*** MATERIAL TO PROCESS ***
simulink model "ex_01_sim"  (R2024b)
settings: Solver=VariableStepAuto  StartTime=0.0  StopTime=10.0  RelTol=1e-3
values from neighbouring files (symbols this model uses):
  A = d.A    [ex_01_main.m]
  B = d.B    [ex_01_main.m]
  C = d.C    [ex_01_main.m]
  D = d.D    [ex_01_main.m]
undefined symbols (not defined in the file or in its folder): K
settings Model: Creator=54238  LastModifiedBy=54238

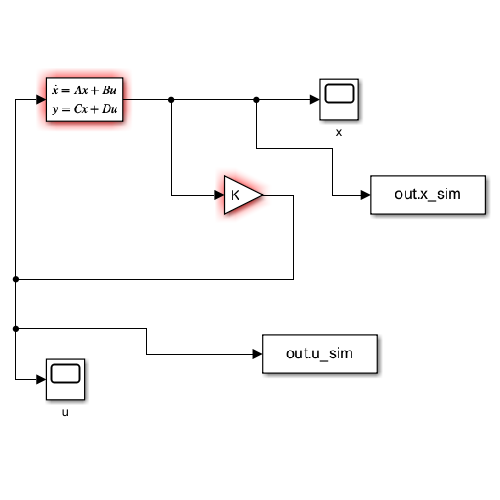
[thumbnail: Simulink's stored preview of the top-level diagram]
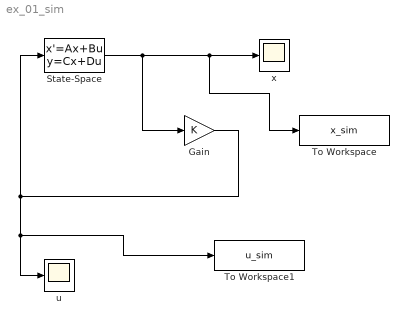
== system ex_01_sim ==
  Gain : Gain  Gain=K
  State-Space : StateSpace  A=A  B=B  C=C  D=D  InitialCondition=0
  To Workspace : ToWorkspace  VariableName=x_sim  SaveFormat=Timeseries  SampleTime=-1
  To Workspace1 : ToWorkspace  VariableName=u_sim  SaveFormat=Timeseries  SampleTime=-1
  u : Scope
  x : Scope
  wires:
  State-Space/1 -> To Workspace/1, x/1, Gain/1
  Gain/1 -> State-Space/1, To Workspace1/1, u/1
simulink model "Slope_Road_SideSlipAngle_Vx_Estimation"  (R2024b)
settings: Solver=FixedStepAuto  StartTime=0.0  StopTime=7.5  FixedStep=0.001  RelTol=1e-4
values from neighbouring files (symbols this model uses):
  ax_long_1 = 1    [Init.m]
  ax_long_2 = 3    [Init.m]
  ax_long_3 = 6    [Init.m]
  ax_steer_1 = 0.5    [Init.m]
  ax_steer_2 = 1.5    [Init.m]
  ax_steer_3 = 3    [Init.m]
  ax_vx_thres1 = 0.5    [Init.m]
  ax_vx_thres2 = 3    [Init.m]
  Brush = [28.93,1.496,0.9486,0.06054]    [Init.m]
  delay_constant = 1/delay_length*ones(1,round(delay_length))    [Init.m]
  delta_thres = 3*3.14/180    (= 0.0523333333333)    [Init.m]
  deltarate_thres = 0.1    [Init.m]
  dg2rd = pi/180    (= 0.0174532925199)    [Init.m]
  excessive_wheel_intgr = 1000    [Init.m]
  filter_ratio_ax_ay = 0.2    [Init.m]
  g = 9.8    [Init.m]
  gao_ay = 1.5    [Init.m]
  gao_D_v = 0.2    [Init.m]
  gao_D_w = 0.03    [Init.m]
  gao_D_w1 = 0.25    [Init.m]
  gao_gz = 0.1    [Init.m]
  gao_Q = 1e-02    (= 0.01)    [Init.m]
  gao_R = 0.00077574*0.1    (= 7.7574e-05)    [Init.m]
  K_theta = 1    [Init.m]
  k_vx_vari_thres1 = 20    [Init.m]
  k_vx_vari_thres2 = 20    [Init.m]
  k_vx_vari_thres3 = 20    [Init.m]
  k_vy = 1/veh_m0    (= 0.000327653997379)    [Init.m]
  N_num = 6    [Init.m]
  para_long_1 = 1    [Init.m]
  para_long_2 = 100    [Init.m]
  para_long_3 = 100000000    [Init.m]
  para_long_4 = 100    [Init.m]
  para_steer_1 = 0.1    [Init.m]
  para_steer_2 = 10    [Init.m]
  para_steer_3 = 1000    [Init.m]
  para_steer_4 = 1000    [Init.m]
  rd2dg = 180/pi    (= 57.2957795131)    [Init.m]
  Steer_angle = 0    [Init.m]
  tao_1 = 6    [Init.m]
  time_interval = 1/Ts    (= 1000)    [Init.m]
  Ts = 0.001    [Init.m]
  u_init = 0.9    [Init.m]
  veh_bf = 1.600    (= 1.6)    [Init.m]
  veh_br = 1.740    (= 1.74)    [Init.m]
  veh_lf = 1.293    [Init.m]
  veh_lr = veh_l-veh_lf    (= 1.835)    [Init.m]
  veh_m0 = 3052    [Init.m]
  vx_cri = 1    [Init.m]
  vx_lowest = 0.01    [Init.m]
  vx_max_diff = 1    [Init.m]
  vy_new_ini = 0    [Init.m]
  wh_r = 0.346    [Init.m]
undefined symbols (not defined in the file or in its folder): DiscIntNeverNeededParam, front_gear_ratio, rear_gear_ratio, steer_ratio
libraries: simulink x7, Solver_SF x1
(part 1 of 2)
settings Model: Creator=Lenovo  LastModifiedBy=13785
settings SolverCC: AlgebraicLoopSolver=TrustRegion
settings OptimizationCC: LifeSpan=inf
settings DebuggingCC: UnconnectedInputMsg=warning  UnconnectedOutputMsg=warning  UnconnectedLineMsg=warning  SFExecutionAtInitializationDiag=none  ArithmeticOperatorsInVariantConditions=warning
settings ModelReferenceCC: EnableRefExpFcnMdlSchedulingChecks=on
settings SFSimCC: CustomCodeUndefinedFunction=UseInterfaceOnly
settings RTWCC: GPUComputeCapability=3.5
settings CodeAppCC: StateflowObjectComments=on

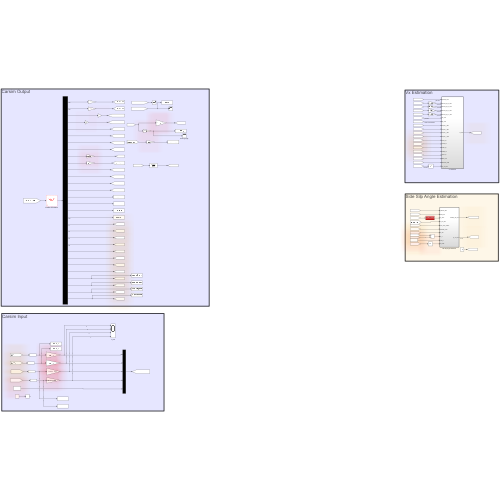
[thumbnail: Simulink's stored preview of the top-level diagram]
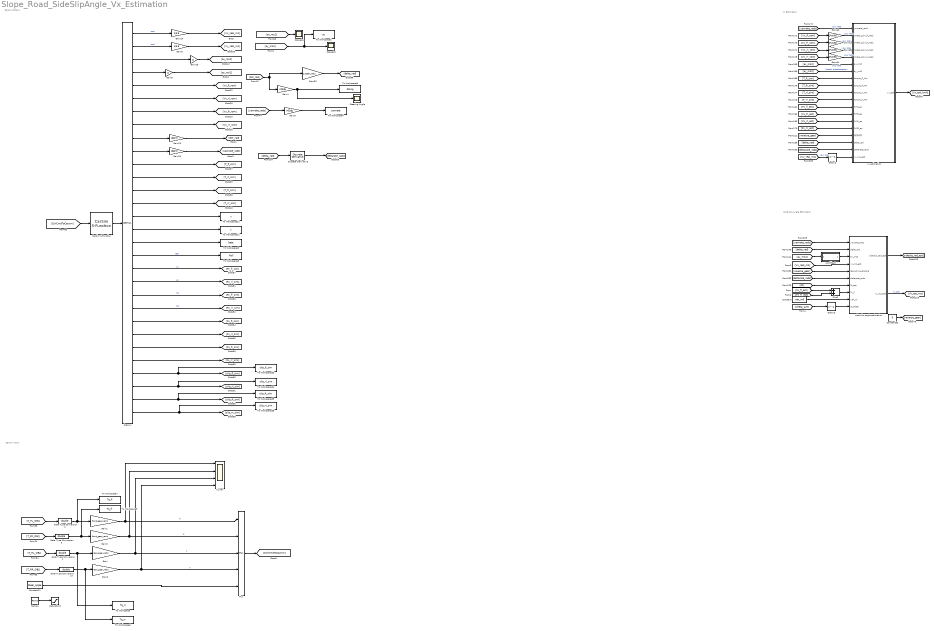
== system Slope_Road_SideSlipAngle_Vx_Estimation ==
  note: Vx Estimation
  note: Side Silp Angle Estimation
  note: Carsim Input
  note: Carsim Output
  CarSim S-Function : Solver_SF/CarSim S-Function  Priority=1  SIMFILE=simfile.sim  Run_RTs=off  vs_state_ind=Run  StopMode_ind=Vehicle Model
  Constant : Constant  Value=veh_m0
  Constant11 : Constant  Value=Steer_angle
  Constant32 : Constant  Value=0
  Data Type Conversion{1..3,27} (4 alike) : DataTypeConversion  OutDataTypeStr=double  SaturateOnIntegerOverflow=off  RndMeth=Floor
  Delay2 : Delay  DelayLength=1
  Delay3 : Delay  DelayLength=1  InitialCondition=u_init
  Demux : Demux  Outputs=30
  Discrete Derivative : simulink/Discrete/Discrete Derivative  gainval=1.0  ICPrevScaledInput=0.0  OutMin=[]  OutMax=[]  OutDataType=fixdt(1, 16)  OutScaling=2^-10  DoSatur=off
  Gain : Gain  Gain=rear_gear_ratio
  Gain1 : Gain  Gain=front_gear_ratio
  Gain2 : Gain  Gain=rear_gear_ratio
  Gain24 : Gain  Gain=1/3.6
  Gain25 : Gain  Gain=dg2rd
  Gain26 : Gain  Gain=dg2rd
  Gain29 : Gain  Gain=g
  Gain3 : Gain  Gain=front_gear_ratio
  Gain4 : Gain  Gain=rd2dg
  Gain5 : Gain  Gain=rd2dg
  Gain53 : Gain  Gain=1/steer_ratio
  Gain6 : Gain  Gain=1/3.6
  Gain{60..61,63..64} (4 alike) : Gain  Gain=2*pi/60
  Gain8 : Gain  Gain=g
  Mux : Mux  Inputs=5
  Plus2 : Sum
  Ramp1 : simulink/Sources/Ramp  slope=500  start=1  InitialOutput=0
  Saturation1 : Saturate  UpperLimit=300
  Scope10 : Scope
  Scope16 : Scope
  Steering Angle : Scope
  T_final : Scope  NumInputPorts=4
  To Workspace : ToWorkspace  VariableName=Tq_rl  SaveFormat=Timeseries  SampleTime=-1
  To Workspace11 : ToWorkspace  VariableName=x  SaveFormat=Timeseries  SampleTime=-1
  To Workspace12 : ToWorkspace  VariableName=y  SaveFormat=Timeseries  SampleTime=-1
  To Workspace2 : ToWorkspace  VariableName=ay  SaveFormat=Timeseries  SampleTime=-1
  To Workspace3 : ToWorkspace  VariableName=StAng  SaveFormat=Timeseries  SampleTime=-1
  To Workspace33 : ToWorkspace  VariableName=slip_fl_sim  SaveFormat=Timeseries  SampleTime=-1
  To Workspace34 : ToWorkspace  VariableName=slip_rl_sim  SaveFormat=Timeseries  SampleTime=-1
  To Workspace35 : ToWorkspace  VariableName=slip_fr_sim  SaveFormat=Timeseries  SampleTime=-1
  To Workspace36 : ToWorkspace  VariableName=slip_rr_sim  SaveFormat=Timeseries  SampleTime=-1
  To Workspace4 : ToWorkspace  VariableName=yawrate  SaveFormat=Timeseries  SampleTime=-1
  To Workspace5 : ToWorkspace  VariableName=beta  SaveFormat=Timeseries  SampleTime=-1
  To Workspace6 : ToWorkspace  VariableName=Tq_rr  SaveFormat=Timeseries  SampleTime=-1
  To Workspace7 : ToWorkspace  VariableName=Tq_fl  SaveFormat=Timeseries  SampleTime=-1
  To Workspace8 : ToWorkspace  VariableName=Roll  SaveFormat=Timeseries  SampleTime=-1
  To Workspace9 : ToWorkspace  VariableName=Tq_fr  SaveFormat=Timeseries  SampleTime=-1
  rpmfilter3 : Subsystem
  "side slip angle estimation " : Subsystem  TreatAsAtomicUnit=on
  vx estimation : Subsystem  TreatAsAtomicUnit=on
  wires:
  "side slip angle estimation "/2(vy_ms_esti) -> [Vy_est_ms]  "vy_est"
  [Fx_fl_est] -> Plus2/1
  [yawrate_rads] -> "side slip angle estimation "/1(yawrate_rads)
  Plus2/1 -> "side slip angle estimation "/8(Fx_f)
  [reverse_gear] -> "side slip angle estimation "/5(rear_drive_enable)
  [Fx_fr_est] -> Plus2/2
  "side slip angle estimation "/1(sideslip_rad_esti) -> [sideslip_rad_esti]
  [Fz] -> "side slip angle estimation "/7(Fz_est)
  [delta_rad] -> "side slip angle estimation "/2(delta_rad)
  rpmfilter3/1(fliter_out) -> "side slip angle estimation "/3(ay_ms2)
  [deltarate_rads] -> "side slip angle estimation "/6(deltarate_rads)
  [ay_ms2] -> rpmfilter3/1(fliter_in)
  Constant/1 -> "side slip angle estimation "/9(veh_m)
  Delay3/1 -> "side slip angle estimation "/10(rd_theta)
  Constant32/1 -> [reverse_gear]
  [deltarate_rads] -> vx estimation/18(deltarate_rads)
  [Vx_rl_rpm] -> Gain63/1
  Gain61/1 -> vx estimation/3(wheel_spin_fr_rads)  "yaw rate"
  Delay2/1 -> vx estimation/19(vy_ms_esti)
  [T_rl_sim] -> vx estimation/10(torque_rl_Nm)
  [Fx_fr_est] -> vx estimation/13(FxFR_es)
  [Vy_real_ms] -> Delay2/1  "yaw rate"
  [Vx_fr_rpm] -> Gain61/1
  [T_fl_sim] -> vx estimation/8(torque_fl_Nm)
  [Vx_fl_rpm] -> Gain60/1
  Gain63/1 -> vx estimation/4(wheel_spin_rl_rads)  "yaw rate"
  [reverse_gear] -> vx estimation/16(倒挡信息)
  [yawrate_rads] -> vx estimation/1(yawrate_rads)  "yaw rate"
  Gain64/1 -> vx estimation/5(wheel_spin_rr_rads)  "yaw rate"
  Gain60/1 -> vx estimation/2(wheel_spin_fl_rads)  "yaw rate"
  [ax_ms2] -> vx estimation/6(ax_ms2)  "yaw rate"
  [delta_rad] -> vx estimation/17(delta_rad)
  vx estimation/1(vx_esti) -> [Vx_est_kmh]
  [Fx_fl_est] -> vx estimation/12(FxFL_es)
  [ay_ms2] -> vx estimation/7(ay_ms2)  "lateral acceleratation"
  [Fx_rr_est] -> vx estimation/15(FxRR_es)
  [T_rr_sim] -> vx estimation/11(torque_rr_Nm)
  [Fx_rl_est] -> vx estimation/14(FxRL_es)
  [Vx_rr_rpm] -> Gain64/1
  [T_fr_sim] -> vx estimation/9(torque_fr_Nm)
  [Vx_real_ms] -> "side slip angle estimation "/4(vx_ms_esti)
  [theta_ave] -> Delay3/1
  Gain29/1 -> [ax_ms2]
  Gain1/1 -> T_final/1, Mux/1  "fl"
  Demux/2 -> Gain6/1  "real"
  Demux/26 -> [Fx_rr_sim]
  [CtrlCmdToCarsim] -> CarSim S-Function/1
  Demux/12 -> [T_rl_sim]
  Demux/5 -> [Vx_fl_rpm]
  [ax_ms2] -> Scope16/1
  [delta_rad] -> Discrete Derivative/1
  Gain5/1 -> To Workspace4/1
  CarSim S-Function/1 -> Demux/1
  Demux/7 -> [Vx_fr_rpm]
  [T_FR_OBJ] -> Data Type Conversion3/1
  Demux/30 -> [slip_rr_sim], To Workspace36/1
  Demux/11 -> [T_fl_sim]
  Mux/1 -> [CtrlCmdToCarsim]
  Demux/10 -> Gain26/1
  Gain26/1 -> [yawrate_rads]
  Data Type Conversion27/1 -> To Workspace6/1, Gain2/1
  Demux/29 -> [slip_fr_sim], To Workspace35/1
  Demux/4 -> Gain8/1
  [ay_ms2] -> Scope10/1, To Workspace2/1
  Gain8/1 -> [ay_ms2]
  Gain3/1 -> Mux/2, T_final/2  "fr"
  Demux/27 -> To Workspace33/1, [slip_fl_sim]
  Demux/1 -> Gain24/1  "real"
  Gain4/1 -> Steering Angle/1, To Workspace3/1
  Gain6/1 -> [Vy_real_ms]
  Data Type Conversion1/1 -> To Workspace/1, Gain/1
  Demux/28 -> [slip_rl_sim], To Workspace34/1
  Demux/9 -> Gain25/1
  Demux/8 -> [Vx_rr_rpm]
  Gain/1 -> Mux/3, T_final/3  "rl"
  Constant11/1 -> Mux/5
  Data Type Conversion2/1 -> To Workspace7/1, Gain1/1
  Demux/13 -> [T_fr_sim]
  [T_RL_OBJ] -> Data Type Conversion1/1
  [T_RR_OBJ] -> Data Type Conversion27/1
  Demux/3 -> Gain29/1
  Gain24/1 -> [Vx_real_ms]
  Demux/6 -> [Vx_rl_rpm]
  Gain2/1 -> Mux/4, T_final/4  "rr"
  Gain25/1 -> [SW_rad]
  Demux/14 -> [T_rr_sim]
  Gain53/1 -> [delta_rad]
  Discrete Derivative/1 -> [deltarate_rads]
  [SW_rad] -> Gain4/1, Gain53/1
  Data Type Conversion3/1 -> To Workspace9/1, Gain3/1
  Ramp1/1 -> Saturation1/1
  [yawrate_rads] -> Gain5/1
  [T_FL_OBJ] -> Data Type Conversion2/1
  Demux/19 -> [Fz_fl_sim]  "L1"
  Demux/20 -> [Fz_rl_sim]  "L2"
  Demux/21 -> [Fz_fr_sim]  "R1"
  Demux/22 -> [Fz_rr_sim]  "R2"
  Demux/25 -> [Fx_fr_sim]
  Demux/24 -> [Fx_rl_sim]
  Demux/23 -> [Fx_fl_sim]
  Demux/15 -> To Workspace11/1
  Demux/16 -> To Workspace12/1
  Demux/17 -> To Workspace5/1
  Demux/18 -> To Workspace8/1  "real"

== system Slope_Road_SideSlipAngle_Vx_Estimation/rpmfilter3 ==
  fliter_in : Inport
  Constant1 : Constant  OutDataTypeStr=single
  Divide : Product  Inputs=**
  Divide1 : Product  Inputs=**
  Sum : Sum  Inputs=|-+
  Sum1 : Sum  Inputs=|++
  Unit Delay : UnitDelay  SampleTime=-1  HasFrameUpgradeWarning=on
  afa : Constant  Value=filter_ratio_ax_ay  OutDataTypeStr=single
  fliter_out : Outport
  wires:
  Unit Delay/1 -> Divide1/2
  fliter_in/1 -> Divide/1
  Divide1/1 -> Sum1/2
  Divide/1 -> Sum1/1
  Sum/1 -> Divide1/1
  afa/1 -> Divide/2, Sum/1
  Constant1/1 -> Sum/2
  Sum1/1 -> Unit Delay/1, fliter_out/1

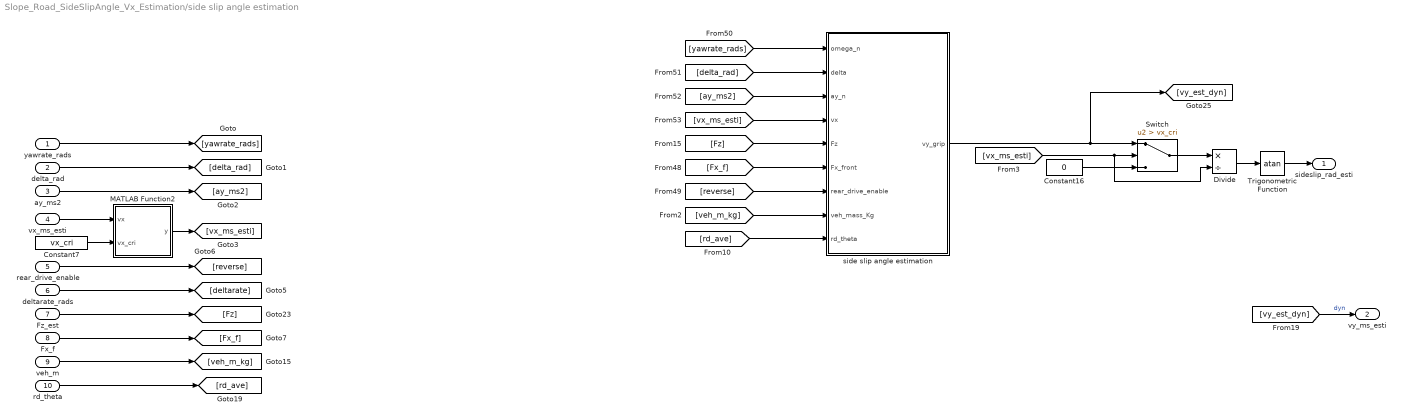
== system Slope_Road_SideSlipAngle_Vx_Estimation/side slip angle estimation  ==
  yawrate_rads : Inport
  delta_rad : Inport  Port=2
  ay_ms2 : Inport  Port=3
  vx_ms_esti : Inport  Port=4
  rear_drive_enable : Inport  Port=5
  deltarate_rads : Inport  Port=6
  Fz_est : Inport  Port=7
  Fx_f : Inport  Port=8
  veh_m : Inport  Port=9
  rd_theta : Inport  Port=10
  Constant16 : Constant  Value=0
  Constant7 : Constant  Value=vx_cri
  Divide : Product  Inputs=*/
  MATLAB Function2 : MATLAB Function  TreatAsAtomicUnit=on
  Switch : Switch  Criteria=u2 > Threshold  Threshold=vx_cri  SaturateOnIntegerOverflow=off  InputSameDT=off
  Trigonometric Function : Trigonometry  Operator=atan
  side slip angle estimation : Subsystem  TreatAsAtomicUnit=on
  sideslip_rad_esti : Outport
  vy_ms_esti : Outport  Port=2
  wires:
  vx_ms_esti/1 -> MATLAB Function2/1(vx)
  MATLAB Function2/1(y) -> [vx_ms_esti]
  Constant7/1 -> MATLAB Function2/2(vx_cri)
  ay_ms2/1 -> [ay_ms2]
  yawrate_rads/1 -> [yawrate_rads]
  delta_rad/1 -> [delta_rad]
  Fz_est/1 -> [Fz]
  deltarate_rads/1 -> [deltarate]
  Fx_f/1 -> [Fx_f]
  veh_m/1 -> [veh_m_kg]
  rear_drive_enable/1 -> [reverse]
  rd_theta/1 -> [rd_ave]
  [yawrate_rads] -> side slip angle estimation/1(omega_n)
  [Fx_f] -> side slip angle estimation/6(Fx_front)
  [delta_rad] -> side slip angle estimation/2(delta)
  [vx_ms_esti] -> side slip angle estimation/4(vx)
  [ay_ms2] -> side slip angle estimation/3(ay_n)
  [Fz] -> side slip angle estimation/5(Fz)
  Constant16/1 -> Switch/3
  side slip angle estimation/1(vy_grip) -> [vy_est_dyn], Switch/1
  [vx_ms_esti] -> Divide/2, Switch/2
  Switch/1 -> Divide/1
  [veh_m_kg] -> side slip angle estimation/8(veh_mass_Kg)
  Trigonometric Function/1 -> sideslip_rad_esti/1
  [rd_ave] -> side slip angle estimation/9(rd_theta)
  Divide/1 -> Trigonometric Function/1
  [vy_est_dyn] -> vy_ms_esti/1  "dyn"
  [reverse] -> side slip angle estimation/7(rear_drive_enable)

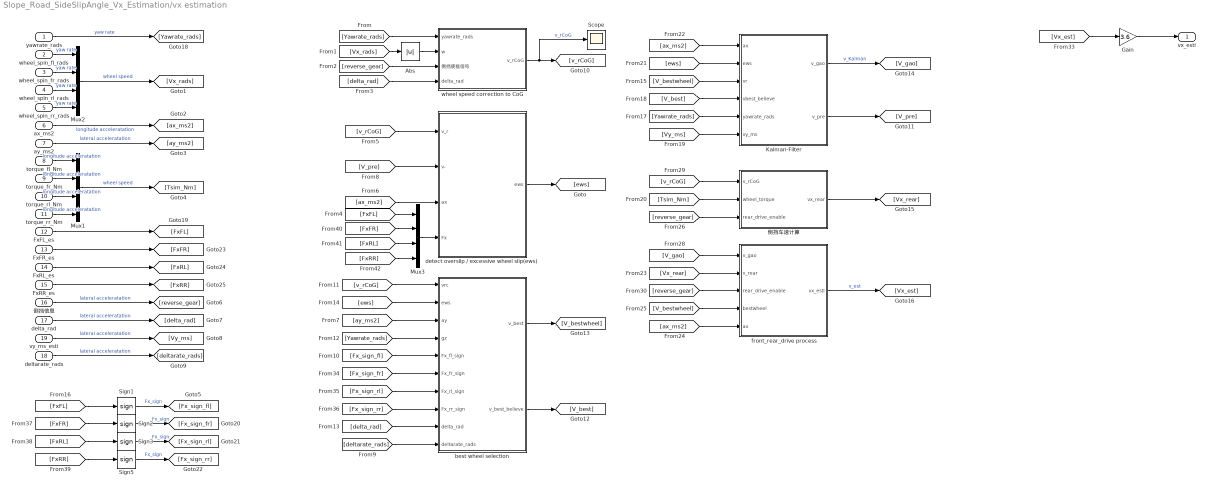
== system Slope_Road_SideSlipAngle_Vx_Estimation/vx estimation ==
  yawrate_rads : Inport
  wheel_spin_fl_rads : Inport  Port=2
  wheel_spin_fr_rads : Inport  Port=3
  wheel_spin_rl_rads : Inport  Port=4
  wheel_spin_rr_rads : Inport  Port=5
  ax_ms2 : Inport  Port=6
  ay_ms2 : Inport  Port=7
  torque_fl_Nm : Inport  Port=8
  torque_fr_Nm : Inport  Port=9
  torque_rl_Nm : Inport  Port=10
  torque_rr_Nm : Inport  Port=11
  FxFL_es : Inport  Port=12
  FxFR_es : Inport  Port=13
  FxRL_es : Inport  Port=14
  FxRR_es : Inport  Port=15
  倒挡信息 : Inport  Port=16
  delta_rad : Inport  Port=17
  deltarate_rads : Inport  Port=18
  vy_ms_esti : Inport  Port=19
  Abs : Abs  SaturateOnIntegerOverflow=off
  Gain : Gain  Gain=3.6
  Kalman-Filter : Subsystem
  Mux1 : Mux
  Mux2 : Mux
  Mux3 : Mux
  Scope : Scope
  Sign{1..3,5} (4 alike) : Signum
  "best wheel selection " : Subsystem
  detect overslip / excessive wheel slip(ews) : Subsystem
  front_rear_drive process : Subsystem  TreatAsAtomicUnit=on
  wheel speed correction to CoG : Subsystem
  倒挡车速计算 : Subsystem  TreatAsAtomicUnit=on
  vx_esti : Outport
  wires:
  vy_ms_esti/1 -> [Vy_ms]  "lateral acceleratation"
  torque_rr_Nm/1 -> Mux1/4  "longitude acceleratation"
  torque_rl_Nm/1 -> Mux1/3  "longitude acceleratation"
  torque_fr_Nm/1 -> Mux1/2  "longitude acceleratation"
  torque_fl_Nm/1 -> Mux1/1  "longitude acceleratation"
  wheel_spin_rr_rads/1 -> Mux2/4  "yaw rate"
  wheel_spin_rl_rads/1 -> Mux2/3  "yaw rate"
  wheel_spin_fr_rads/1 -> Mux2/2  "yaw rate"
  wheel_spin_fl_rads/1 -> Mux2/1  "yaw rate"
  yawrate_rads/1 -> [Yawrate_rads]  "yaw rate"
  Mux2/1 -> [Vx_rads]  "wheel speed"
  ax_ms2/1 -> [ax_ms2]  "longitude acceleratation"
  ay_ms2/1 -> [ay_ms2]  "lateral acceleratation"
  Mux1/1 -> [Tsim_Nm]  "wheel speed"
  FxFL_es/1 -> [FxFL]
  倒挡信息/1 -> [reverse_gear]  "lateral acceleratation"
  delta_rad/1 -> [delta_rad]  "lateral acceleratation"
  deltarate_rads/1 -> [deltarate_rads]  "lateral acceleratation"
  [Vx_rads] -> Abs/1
***
__DESCRIPTION OF THE TASK__
Present each line from the listing that holds the string "settings".

__SOLVED EXERCISE__
settings: Solver=VariableStepAuto  StartTime=0.0  StopTime=10.0  RelTol=1e-3
settings Model: Creator=54238  LastModifiedBy=54238
settings: Solver=FixedStepAuto  StartTime=0.0  StopTime=7.5  FixedStep=0.001  RelTol=1e-4
settings Model: Creator=Lenovo  LastModifiedBy=13785
settings SolverCC: AlgebraicLoopSolver=TrustRegion
settings OptimizationCC: LifeSpan=inf
settings DebuggingCC: UnconnectedInputMsg=warning  UnconnectedOutputMsg=warning  UnconnectedLineMsg=warning  SFExecutionAtInitializationDiag=none  ArithmeticOperatorsInVariantConditions=warning
settings ModelReferenceCC: EnableRefExpFcnMdlSchedulingChecks=on
settings SFSimCC: CustomCodeUndefinedFunction=UseInterfaceOnly
settings RTWCC: GPUComputeCapability=3.5
settings CodeAppCC: StateflowObjectComments=on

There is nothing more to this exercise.